Self Critique - What Could I Have Done Better?

  • Created more documentation to outline my work to my managers and coworkers, before moving into implementation: The documentation would have proved helpful in limiting the amount of tweaking that would need to be done later to meet the needs of the occupational therapists and stroke patients.

  • Put together a digital schedule for my managers to see the deadlines that I had set for myself: This would help in communicating between playtest sessions with occupational therapists and would allow my managers to see what I was working on at all times, instead of being given complete creative freedom like I had.

  • Taking better advantage of the resources that I had available to me: At first I was a little shy and was unsure of how much I could ask other groups for help in design decisions, or to bounce ideas off of. I eventually learned how valuable the people in the lab that didn’t understand games but who had very different skill sets from me were in helping to make my game better. My biggest regret is not taking advantage of this earlier.

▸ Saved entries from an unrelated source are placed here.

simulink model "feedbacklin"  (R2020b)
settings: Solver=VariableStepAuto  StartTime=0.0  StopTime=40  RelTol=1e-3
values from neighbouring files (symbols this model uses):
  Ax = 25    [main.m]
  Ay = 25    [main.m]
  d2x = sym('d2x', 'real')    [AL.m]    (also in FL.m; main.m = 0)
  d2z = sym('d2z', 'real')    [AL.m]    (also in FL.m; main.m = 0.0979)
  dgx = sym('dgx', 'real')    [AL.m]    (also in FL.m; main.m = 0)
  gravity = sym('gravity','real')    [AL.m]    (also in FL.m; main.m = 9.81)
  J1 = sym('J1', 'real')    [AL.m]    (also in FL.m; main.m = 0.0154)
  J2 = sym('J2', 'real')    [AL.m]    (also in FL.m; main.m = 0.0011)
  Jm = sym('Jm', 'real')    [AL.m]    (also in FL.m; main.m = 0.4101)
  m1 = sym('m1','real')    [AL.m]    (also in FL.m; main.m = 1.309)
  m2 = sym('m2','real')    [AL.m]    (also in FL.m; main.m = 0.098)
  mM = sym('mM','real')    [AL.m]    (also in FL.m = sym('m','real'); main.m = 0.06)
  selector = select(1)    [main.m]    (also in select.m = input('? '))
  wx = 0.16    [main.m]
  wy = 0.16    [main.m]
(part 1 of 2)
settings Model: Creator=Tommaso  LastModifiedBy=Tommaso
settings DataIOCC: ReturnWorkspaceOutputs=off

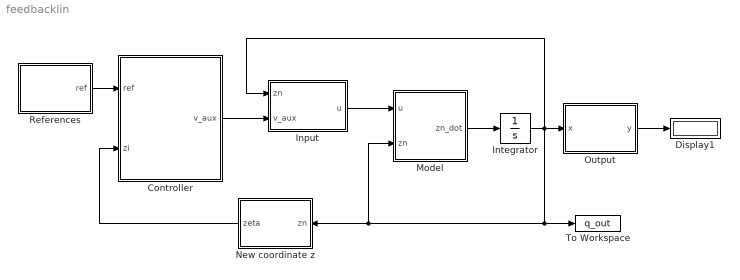
== system feedbacklin ==
  Controller : MATLAB Function  TreatAsAtomicUnit=on
  Display1 : Display
  Input : MATLAB Function  TreatAsAtomicUnit=on
  Integrator : Integrator  InitialCondition=[0; 0; 0; 0; 0; 0; 0; 0; (m1+m2+mM)*gravity; 0; 0; 0]
  Model : MATLAB Function  TreatAsAtomicUnit=on
  New coordinate z : MATLAB Function  TreatAsAtomicUnit=on
  Output : MATLAB Function  TreatAsAtomicUnit=on
  References : Subsystem
  To Workspace : ToWorkspace  VariableName=q_out  SaveFormat=Timeseries  SampleTime=-1
  wires:
  Output/1(y) -> Display1/1
  Integrator/1 -> Output/1(x), To Workspace/1, Model/2(zn), New coordinate z/1(zn), Input/1(zn)
  Model/1(zn_dot) -> Integrator/1
  Input/1(u) -> Model/1(u)
  Controller/1(v_aux) -> Input/2(v_aux)
  New coordinate z/1(zeta) -> Controller/2(zi)
  References/1(ref) -> Controller/1(ref)

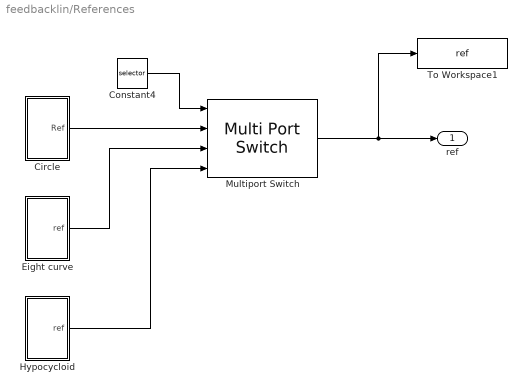
== system feedbacklin/References ==
  Circle : Subsystem
  Constant4 : Constant  Value=selector
  Eight curve : Subsystem
  Hypocycloid : Subsystem
  Multiport Switch : MultiPortSwitch
  To Workspace1 : ToWorkspace  VariableName=ref  SaveFormat=Timeseries  SampleTime=-1
  ref : Outport
  wires:
  Multiport Switch/1 -> To Workspace1/1, ref/1
  Constant4/1 -> Multiport Switch/1
  Eight curve/1(ref) -> Multiport Switch/3
  Circle/1(Ref) -> Multiport Switch/2
  Hypocycloid/1(ref) -> Multiport Switch/4

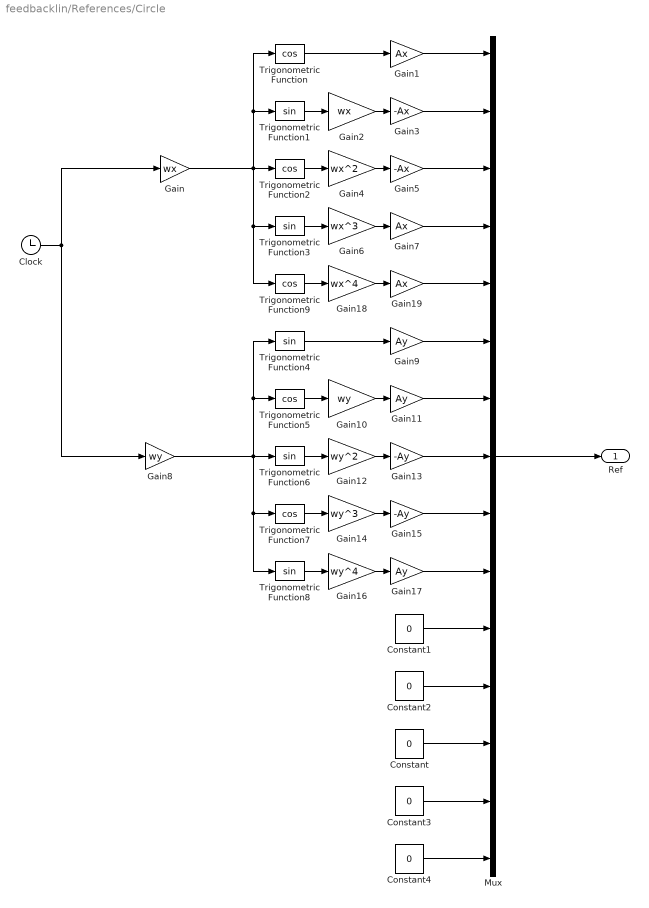
== system feedbacklin/References/Circle ==
  Clock : Clock
  Constant{,1..4} (5 alike) : Constant  Value=0
  Gain : Gain  Gain=wx
  Gain1 : Gain  Gain=Ax
  Gain10 : Gain  Gain=wy
  Gain11 : Gain  Gain=Ay
  Gain12 : Gain  Gain=wy^2
  Gain13 : Gain  Gain=-Ay
  Gain14 : Gain  Gain=wy^3
  Gain15 : Gain  Gain=-Ay
  Gain16 : Gain  Gain=wy^4
  Gain17 : Gain  Gain=Ay
  Gain18 : Gain  Gain=wx^4
  Gain19 : Gain  Gain=Ax
  Gain2 : Gain  Gain=wx
  Gain3 : Gain  Gain=-Ax
  Gain4 : Gain  Gain=wx^2
  Gain5 : Gain  Gain=-Ax
  Gain6 : Gain  Gain=wx^3
  Gain7 : Gain  Gain=Ax
  Gain8 : Gain  Gain=wy
  Gain9 : Gain  Gain=Ay
  Mux : Mux  Inputs=15
  Trigonometric Function{,2,5,7,9} (5 alike) : Trigonometry  Operator=cos
  Trigonometric Function{1,3..4,6,8} (5 alike) : Trigonometry
  Ref : Outport
  wires:
  Gain11/1 -> Mux/7
  Gain8/1 -> Trigonometric Function4/1, Trigonometric Function5/1, Trigonometric Function6/1, Trigonometric Function8/1, Trigonometric Function7/1
  Gain13/1 -> Mux/8
  Gain7/1 -> Mux/4
  Constant/1 -> Mux/13
  Constant3/1 -> Mux/14
  Gain6/1 -> Gain7/1
  Trigonometric Function5/1 -> Gain10/1
  Trigonometric Function3/1 -> Gain6/1
  Gain/1 -> Trigonometric Function/1, Trigonometric Function1/1, Trigonometric Function9/1, Trigonometric Function3/1, Trigonometric Function2/1
  Constant2/1 -> Mux/12
  Trigonometric Function2/1 -> Gain4/1
  Gain15/1 -> Mux/9
  Gain10/1 -> Gain11/1
  Gain5/1 -> Mux/3
  Gain2/1 -> Gain3/1
  Clock/1 -> Gain/1, Gain8/1
  Gain19/1 -> Mux/5
  Trigonometric Function6/1 -> Gain12/1
  Gain4/1 -> Gain5/1
  Constant4/1 -> Mux/15
  Trigonometric Function1/1 -> Gain2/1
  Gain12/1 -> Gain13/1
  Trigonometric Function9/1 -> Gain18/1
  Trigonometric Function/1 -> Gain1/1
  Trigonometric Function4/1 -> Gain9/1
  Gain17/1 -> Mux/10
  Trigonometric Function8/1 -> Gain16/1
  Gain1/1 -> Mux/1
  Mux/1 -> Ref/1
  Gain9/1 -> Mux/6
  Gain16/1 -> Gain17/1
  Gain14/1 -> Gain15/1
  Gain18/1 -> Gain19/1
  Constant1/1 -> Mux/11
  Gain3/1 -> Mux/2
  Trigonometric Function7/1 -> Gain14/1

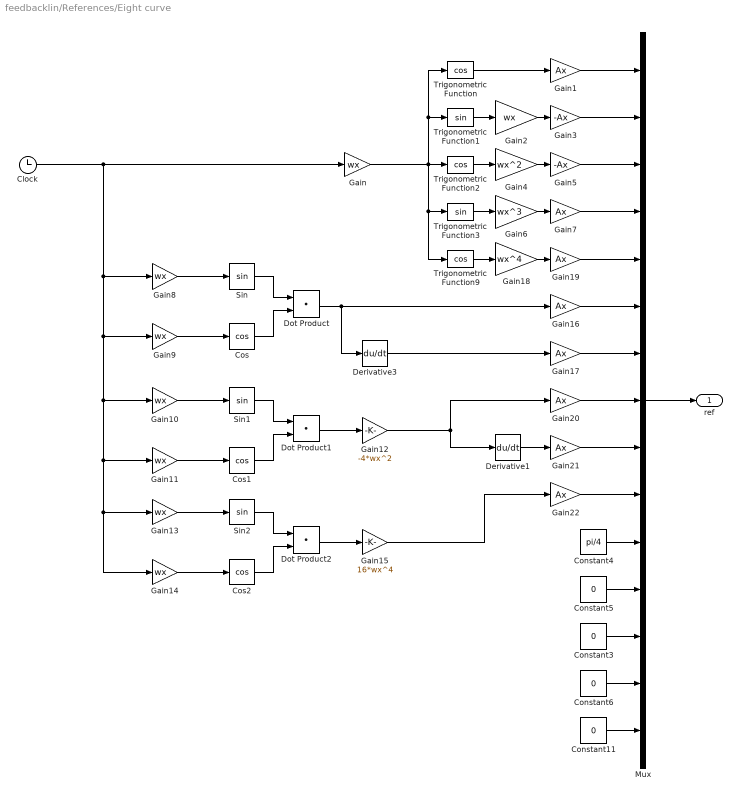
== system feedbacklin/References/Eight curve ==
  Clock : Clock
  Constant{3,5..6,11} (4 alike) : Constant  Value=0
  Constant4 : Constant  Value=pi/4
  Cos : Trigonometry  Operator=cos
  Cos1 : Trigonometry  Operator=cos
  Cos2 : Trigonometry  Operator=cos
  Derivative1 : Derivative
  Derivative3 : Derivative
  Dot Product : DotProduct  InputSameDT=on  OutDataTypeStr=Inherit: Inherit via internal rule
  Dot Product1 : DotProduct  InputSameDT=on  OutDataTypeStr=Inherit: Inherit via internal rule
  Dot Product2 : DotProduct  InputSameDT=on  OutDataTypeStr=Inherit: Inherit via internal rule
  Gain{,2,8..11,13..14} (8 alike) : Gain  Gain=wx
  Gain{1,7,16..17,19..22} (8 alike) : Gain  Gain=Ax
  Gain12 : Gain  Gain=-4*wx^2
  Gain15 : Gain  Gain=16*wx^4
  Gain18 : Gain  Gain=wx^4
  Gain3 : Gain  Gain=-Ax
  Gain4 : Gain  Gain=wx^2
  Gain5 : Gain  Gain=-Ax
  Gain6 : Gain  Gain=wx^3
  Mux : Mux  Inputs=15
  Sin : Trigonometry
  Sin1 : Trigonometry
  Sin2 : Trigonometry
  Trigonometric Function : Trigonometry  Operator=cos
  Trigonometric Function1 : Trigonometry
  Trigonometric Function2 : Trigonometry  Operator=cos
  Trigonometric Function3 : Trigonometry
  Trigonometric Function9 : Trigonometry  Operator=cos
  ref : Outport
  wires:
  Mux/1 -> ref/1
  Constant5/1 -> Mux/12
  Constant3/1 -> Mux/13
  Constant6/1 -> Mux/14
  Constant4/1 -> Mux/11
  Constant11/1 -> Mux/15
  Trigonometric Function1/1 -> Gain2/1
  Gain4/1 -> Gain5/1
  Gain5/1 -> Mux/3
  Trigonometric Function/1 -> Gain1/1
  Gain7/1 -> Mux/4
  Gain/1 -> Trigonometric Function9/1, Trigonometric Function3/1, Trigonometric Function/1, Trigonometric Function1/1, Trigonometric Function2/1
  Trigonometric Function2/1 -> Gain4/1
  Gain18/1 -> Gain19/1
  Trigonometric Function9/1 -> Gain18/1
  Gain3/1 -> Mux/2
  Trigonometric Function3/1 -> Gain6/1
  Gain19/1 -> Mux/5
  Gain6/1 -> Gain7/1
  Gain2/1 -> Gain3/1
  Gain1/1 -> Mux/1
  Derivative1/1 -> Gain21/1
  Derivative3/1 -> Gain17/1
  Dot Product/1 -> Derivative3/1, Gain16/1
  Sin/1 -> Dot Product/1
  Cos/1 -> Dot Product/2
  Gain9/1 -> Cos/1
  Gain8/1 -> Sin/1
  Gain10/1 -> Sin1/1
  Sin1/1 -> Dot Product1/1
  Gain11/1 -> Cos1/1
  Cos1/1 -> Dot Product1/2
  Dot Product1/1 -> Gain12/1
  Gain12/1 -> Derivative1/1, Gain20/1
  Dot Product2/1 -> Gain15/1
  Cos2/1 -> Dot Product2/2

Project Critiques - Where Could the Game Improve?

  • The levels need more direction and guides, as they were too open ended and easy to get lost in. This could be done through adding more landmarks, clear pathways, and decreasing the size of certain sections.

  • Controller settings and difficulty - although I added a lot to make this customizable, I wish I added more, such as the ability to change the color and visibility of your HUD, custom cursor speeds and sizes, and changed how fast the snowball would move on different difficulties as it moved too slowly to accommodate new players.

  • Optimization - the game ran around 27-30fps and dipped to 24fps in certain sections of the game, I needed more time to polish. I could fix this by learning how to use the profiler, seeing what’s creating frame drops, and cleaning up some of my shaders.

  • Cleaning up the UI and UX - The UI screen had too much information and detracted from the UX. I could fix this by only conveying certain information when it is important to, and by moving different pieces to be diegetic UI.

  • Refactoring pieces of the game: After I learned how to use both Unreal and the robot better, I realized the snow trail shader, destruction meshes, and overall blueprint code structure could be remade to be more customizable.